◆ **WHAT YOU HAVE TO DO**
From the records below, copy each line in which the string "Integrator" occurs.

Source data

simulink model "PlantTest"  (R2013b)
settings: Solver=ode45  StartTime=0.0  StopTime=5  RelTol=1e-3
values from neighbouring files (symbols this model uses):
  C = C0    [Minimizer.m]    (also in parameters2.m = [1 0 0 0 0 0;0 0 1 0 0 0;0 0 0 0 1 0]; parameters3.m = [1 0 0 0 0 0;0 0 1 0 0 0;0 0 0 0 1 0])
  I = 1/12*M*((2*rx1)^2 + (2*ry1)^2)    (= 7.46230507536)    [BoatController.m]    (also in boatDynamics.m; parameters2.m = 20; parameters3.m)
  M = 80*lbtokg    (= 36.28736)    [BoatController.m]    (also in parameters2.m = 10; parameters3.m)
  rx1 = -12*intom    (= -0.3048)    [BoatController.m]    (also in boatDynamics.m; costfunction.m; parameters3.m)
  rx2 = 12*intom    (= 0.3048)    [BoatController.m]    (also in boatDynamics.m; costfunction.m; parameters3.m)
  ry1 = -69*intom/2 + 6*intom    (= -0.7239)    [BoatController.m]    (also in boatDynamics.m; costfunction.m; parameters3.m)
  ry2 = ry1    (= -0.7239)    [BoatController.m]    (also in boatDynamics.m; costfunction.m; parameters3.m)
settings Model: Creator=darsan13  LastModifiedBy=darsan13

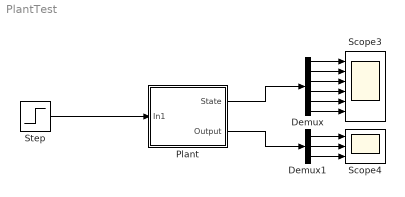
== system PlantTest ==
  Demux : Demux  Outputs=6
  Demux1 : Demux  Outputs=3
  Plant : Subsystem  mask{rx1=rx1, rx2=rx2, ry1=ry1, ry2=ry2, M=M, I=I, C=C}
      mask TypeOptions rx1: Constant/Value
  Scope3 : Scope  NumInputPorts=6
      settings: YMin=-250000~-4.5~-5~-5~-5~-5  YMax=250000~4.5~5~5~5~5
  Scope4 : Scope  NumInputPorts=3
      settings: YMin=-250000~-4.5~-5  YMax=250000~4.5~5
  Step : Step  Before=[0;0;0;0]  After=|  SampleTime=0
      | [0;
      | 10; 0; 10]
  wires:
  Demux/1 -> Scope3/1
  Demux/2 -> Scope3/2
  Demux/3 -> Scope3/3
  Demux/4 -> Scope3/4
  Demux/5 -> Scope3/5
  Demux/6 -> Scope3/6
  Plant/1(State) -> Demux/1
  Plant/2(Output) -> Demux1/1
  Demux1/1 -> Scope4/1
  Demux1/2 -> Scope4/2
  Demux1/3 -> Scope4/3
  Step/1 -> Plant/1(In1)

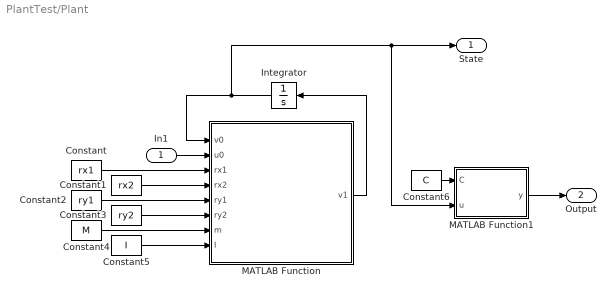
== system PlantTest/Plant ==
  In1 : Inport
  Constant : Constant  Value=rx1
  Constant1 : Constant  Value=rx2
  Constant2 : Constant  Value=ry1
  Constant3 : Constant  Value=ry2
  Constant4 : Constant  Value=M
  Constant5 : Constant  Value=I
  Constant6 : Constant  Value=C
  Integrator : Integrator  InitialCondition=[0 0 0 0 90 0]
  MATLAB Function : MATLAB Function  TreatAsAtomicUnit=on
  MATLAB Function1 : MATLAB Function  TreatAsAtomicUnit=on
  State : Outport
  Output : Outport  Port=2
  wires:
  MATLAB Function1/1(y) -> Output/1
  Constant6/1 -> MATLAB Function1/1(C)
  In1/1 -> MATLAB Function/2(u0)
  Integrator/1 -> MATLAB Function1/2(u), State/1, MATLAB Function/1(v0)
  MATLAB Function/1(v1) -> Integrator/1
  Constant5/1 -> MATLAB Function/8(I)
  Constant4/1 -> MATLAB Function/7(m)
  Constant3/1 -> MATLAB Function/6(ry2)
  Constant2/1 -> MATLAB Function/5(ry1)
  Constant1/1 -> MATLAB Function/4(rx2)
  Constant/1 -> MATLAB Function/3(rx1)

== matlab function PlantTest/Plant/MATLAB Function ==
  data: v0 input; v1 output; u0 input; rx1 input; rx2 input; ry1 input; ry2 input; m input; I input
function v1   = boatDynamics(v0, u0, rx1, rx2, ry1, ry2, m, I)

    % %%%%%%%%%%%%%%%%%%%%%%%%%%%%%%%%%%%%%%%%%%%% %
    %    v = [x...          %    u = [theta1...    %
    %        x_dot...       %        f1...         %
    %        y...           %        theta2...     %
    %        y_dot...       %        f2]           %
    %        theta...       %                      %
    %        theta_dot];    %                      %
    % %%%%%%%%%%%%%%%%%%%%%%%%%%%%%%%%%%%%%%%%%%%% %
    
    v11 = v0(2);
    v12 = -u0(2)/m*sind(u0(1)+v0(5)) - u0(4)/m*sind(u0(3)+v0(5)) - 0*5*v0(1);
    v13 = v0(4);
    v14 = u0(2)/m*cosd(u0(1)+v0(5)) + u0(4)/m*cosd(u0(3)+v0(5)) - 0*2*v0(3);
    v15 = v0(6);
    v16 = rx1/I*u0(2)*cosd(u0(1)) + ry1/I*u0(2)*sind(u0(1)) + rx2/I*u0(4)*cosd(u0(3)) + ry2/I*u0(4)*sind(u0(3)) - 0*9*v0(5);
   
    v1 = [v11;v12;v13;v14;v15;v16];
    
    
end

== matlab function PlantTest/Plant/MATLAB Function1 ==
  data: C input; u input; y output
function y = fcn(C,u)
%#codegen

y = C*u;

◆ **EXERCISE OUTPUT**
  Integrator : Integrator  InitialCondition=[0 0 0 0 90 0]
  Integrator/1 -> MATLAB Function1/2(u), State/1, MATLAB Function/1(v0)
  MATLAB Function/1(v1) -> Integrator/1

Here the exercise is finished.